# In bloom



## adiaphane (Jul 23, 2017)

Bc. Saint Andre






Neofinetia falcata 'Shunkyyden'





Paph parishii with seven flowers--bought with a spike


----------



## troy (Jul 23, 2017)

Excellent show!! I would like to know where you got the parishii, it looks great!!


----------



## adiaphane (Jul 23, 2017)

troy said:


> Excellent show!! I would like to know where you got the parishii, it looks great!!



I bought it from Lucky Girl Orchids (on ebay as pupsidog). She had listed a few of them, so she may have more. I'm very happy with the parisii.


----------



## troy (Jul 23, 2017)

I saw it, yours was the best they sold, short of cash, nice pickup!!


----------



## SlipperFan (Jul 23, 2017)

Nice flowers, all. That parishii is special!


----------



## blondie (Jul 25, 2017)

Fantastic blooms parishii is a stunner congrats


----------



## Don I (Jul 26, 2017)

Neat.
Don


----------



## Mark Karayannis (Jul 27, 2017)

Excellent investment


----------



## KyushuCalanthe (Jul 27, 2017)

Beautiful plants, beautiful pics.


----------



## NYEric (Jul 27, 2017)

Nice. Thanks for sharing.


----------



## Happypaphy7 (Jul 30, 2017)

Beautiful and very clear photos!!!


----------



## paphioboy (Aug 1, 2017)

Nice bunch! I have a Bc Saint Andre too but the lip colouration on my plant is not as intensely purple as yours.. It takes a lot of light to bloom!


----------



## adiaphane (Aug 2, 2017)

paphioboy said:


> Nice bunch! I have a Bc Saint Andre too but the lip colouration on my plant is not as intensely purple as yours.. It takes a lot of light to bloom!



The color on the lip of the St. Andre has faded a bit, but the smell is lovely.


----------



## adiaphane (Feb 3, 2018)

I couldn't resist buying this last weekend. Dracula ubangina.





I recently started getting into catasetums and my indoor growing environment seems perfect for them. I love how this Clowesia Rebecca Northen 'Mikabi' bloomed out this year. The flowers opened up beautifully.

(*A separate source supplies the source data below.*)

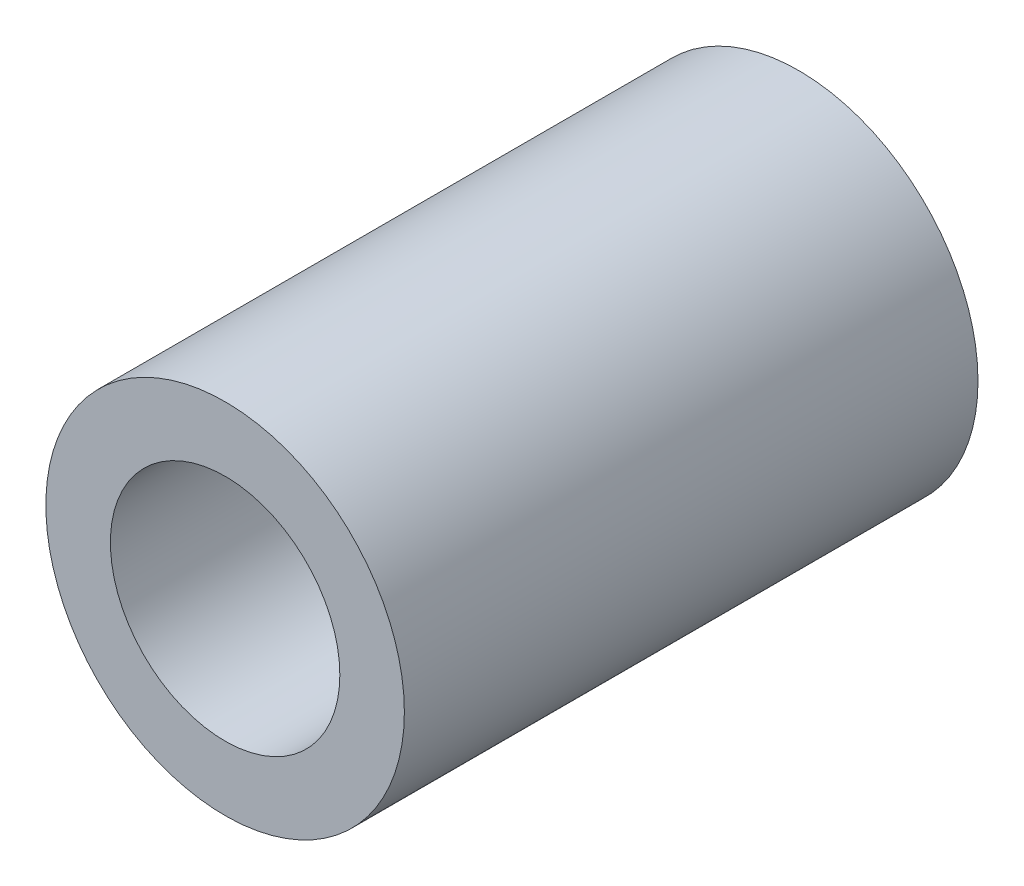
from build123d import *

# Parameters (mm, degrees)
SKETCH_1_R      = 2.5
SKETCH_1_R_2    = 1.6
EXTRUDE_1_DEPTH = 8


with BuildPart() as part:
    # 草图1 → 凸台-拉伸1 (new body)
    with BuildSketch(Plane.XY):
        Circle(SKETCH_1_R)
        Circle(SKETCH_1_R_2, mode=Mode.SUBTRACT)
    extrude(amount=EXTRUDE_1_DEPTH)


solid = part.part
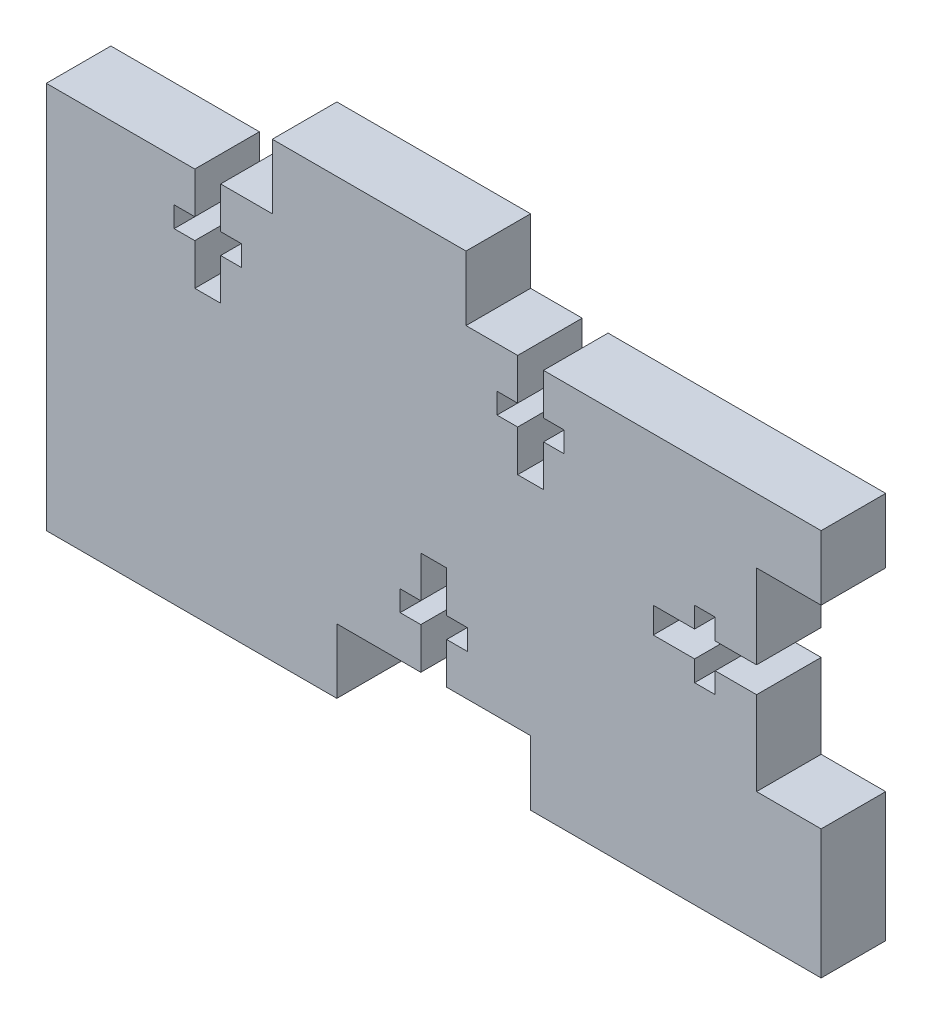
from build123d import *

# Parameters (mm, degrees)
SKETCH1_W           = 76.2
SKETCH1_H           = 31.75
BOSS_EXTRUDE1_DEPTH = 6.35
SKETCH2_W           = 19.05
SKETCH2_H           = 6.35
BOSS_EXTRUDE2_DEPTH = 6.35
CUT_EXTRUDE1_DEPTH  = 6.35
CUT_EXTRUDE4_DEPTH  = 6.35
SKETCH5_W           = 76.2
SKETCH5_H           = 6.35
BOSS_EXTRUDE3_DEPTH = 6.35
CUT_EXTRUDE5_DEPTH  = 6.35


with BuildPart() as part:
    # Sketch1 → Boss-Extrude1 (new body)
    with BuildSketch(Plane.XY):
        Rectangle(SKETCH1_W, SKETCH1_H)
    extrude(amount=BOSS_EXTRUDE1_DEPTH)

    # Sketch2 → Boss-Extrude2 (add)
    with BuildSketch(Plane.XY.offset(6.35)):
        with Locations((-6.35, 19.05)):
            Rectangle(SKETCH2_W, SKETCH2_H)
    extrude(amount=-BOSS_EXTRUDE2_DEPTH)

    # Sketch3 → Cut-Extrude1 (cut)
    with BuildSketch(Plane.XY.offset(6.35)):
        Polygon((-20.955, 11.811), (-18.923, 11.811), (-18.923, 9.779), (-20.955, 9.779), (-20.955, 5.715), (-23.495, 5.715), (-23.495, 9.779), (-25.527, 9.779), (-25.527, 11.811), (-23.495, 11.811), (-23.495, 15.875), (-20.955, 15.875), align=None)
        Polygon((8.255, 9.779), (8.255, 5.715), (10.795, 5.715), (10.795, 9.779), (12.827, 9.779), (12.827, 11.811), (10.795, 11.811), (10.795, 15.875), (8.255, 15.875), (8.255, 11.811), (6.223, 11.811), (6.223, 9.779), align=None)
    extrude(amount=-CUT_EXTRUDE1_DEPTH, mode=Mode.SUBTRACT)

    # Sketch4 → Cut-Extrude4 (cut)
    with BuildSketch(Plane.XY.offset(6.35)):
        Polygon((31.75, -9.525), (38.1, -9.525), (38.1, 9.525), (31.75, 9.525), (31.75, 1.27), (27.686, 1.27), (27.686, 3.302), (25.654, 3.302), (25.654, 1.27), (21.59, 1.27), (21.59, -1.27), (25.654, -1.27), (25.654, -3.302), (27.686, -3.302), (27.686, -1.27), (31.75, -1.27), align=None)
    extrude(amount=-CUT_EXTRUDE4_DEPTH, mode=Mode.SUBTRACT)

    # Sketch5 → Boss-Extrude3 (add)
    with BuildSketch(Plane.XY.offset(6.35)):
        with Locations((0, -19.05)):
            Rectangle(SKETCH5_W, SKETCH5_H)
    extrude(amount=-BOSS_EXTRUDE3_DEPTH)

    # Sketch6 → Cut-Extrude5 (cut)
    with BuildSketch(Plane.XY.offset(6.35)):
        Polygon((-9.525, -22.225), (9.525, -22.225), (9.525, -15.875), (1.27, -15.875), (1.27, -11.811), (3.302, -11.811), (3.302, -9.779), (1.27, -9.779), (1.27, -5.715), (-1.27, -5.715), (-1.27, -9.779), (-3.302, -9.779), (-3.302, -11.811), (-1.27, -11.811), (-1.27, -15.875), (-9.525, -15.875), align=None)
    extrude(amount=-CUT_EXTRUDE5_DEPTH, mode=Mode.SUBTRACT)


solid = part.part
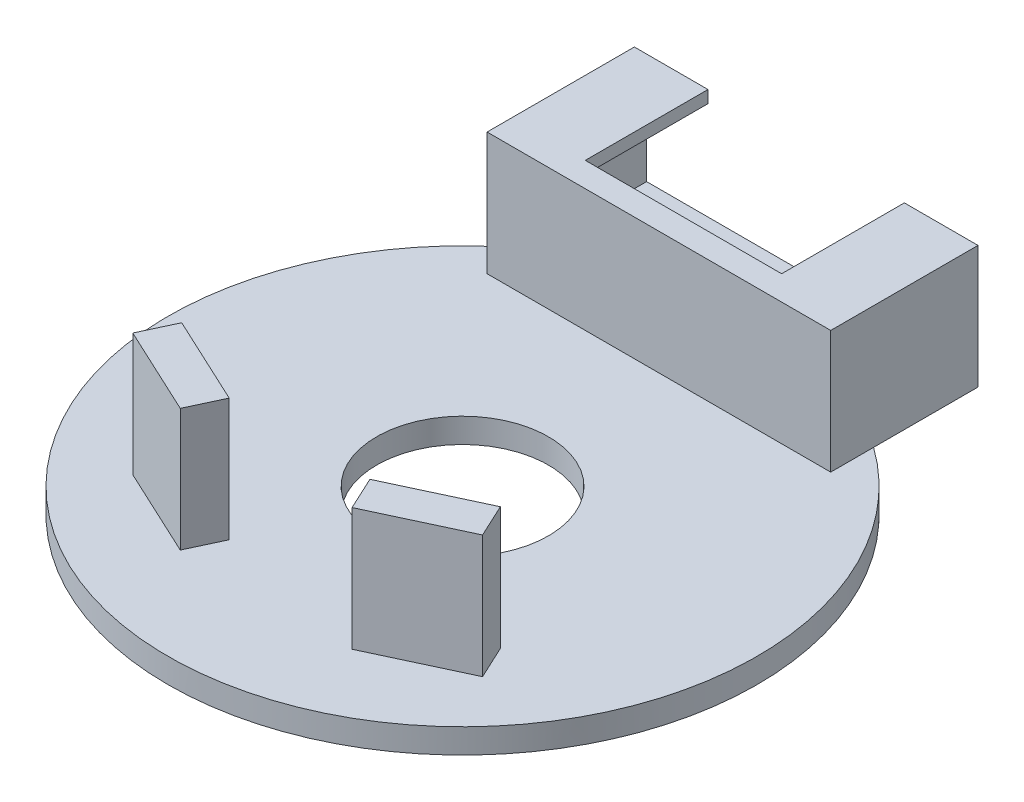
from build123d import *

# Parameters (mm, degrees)
SKETCH1_R           = 12
SKETCH1_R_2         = 3.5
BOSS_EXTRUDE1_DEPTH = 0.5
SKETCH2_W           = 14
SKETCH2_H           = 6
BOSS_EXTRUDE2_DEPTH = 5
SKETCH3_W           = 13
SKETCH3_H           = 4
CUT_EXTRUDE1_DEPTH  = 5
SKETCH4_W           = 8
SKETCH4_H           = 5
CUT_EXTRUDE2_DEPTH  = 4.5
BOSS_EXTRUDE3_DEPTH = 5


with BuildPart() as part:
    # Sketch1 → Boss-Extrude1 (new body, symmetric)
    with BuildSketch(Plane(origin=(0, 0, 0), x_dir=(1, 0, 0), z_dir=(0, 1, 0))):
        Circle(SKETCH1_R)
        Circle(SKETCH1_R_2, mode=Mode.SUBTRACT)
    extrude(amount=BOSS_EXTRUDE1_DEPTH, both=True)

    # Sketch2 → Boss-Extrude2 (add)
    with BuildSketch(Plane(origin=(0, 0.5, 0), x_dir=(1, 0, 0), z_dir=(0, 1, 0))):
        with Locations((0, 11)):
            Rectangle(SKETCH2_W, SKETCH2_H)
    extrude(amount=BOSS_EXTRUDE2_DEPTH)

    # Sketch3 → Cut-Extrude1 (cut)
    with BuildSketch(Plane(origin=(0, 0, -14), x_dir=(-1, 0, 0), z_dir=(0, 0, -1))):
        with Locations((0, 3)):
            Rectangle(SKETCH3_W, SKETCH3_H)
    extrude(amount=-CUT_EXTRUDE1_DEPTH, mode=Mode.SUBTRACT)

    # Sketch4 → Cut-Extrude2 (cut)
    with BuildSketch(Plane(origin=(0, 5.5, 0), x_dir=(1, 0, 0), z_dir=(0, 1, 0))):
        with Locations((0, 11.5)):
            Rectangle(SKETCH4_W, SKETCH4_H)
    extrude(amount=-CUT_EXTRUDE2_DEPTH, mode=Mode.SUBTRACT)

    # Sketch5 → Boss-Extrude3 (add)
    with BuildSketch(Plane(origin=(0, 0.5, 0), x_dir=(1, 0, 0), z_dir=(0, 1, 0))):
        Polygon((-6.491303756, -4.950065272), (-2.866072607, -6.640538319), (-3.5, -8), (-7.125231148, -6.309526953), align=None)
        Polygon((7.125231148, -6.309526953), (6.491303756, -4.950065272), (2.866072607, -6.640538319), (3.5, -8), align=None)
    extrude(amount=BOSS_EXTRUDE3_DEPTH)


solid = part.part

I also bought some paphs last weekend, but this one is the cream of the crop. I had been looking for this hybrid for a while, and as fate would have it, this division was available for sale. I love it! Paph. Fumi's Delight 'Gold Country' AM/AOS


----------



## Tanner. C (Feb 4, 2018)

Amazing parshii I just got one, hopefully mine looks half as nice as yours when it blooms! 

Any tips on growing it?


----------



## My Green Pets (Feb 4, 2018)

A big division in bloom wow you were lucky!


----------



## adiaphane (Feb 4, 2018)

Tanner, I don't have any tips as the plant was new to me. It's maturing its other growth and has put up a new one currently. I keep in bright shade, and plenty of water. All my orchids get plenty of air movement because my grow area gets warm. My temps on average is 55-85, but usually 60-80 F.

CambriaWhat, yes, it turned out well for me. It's the one I wanted and I just happened to find a division at the local show fro sale. It did not take much convincing to take it home.


----------



## adiaphane (Feb 5, 2018)

Phalaenopsis hieroglyphica first bloom with two spikes. I love the patterning and fuzzy lips on this one.


----------



## NYEric (Feb 7, 2018)

All very nice, and the Clowesia and Phal should have nice fragrances. Thanks for sharing.


----------



## gego (Feb 8, 2018)

Wow!!! That heiro is excellent. And good growing. 

Sent from my HTC One using Tapatalk


----------



## TyroneGenade (Feb 8, 2018)

Great looking hieroglyphica! Looks like a very showy Phal.

the other plants look great too. Good growing on your part! Congrats.


----------



## SlipperFan (Feb 11, 2018)

Yoou have a lovely collection!


----------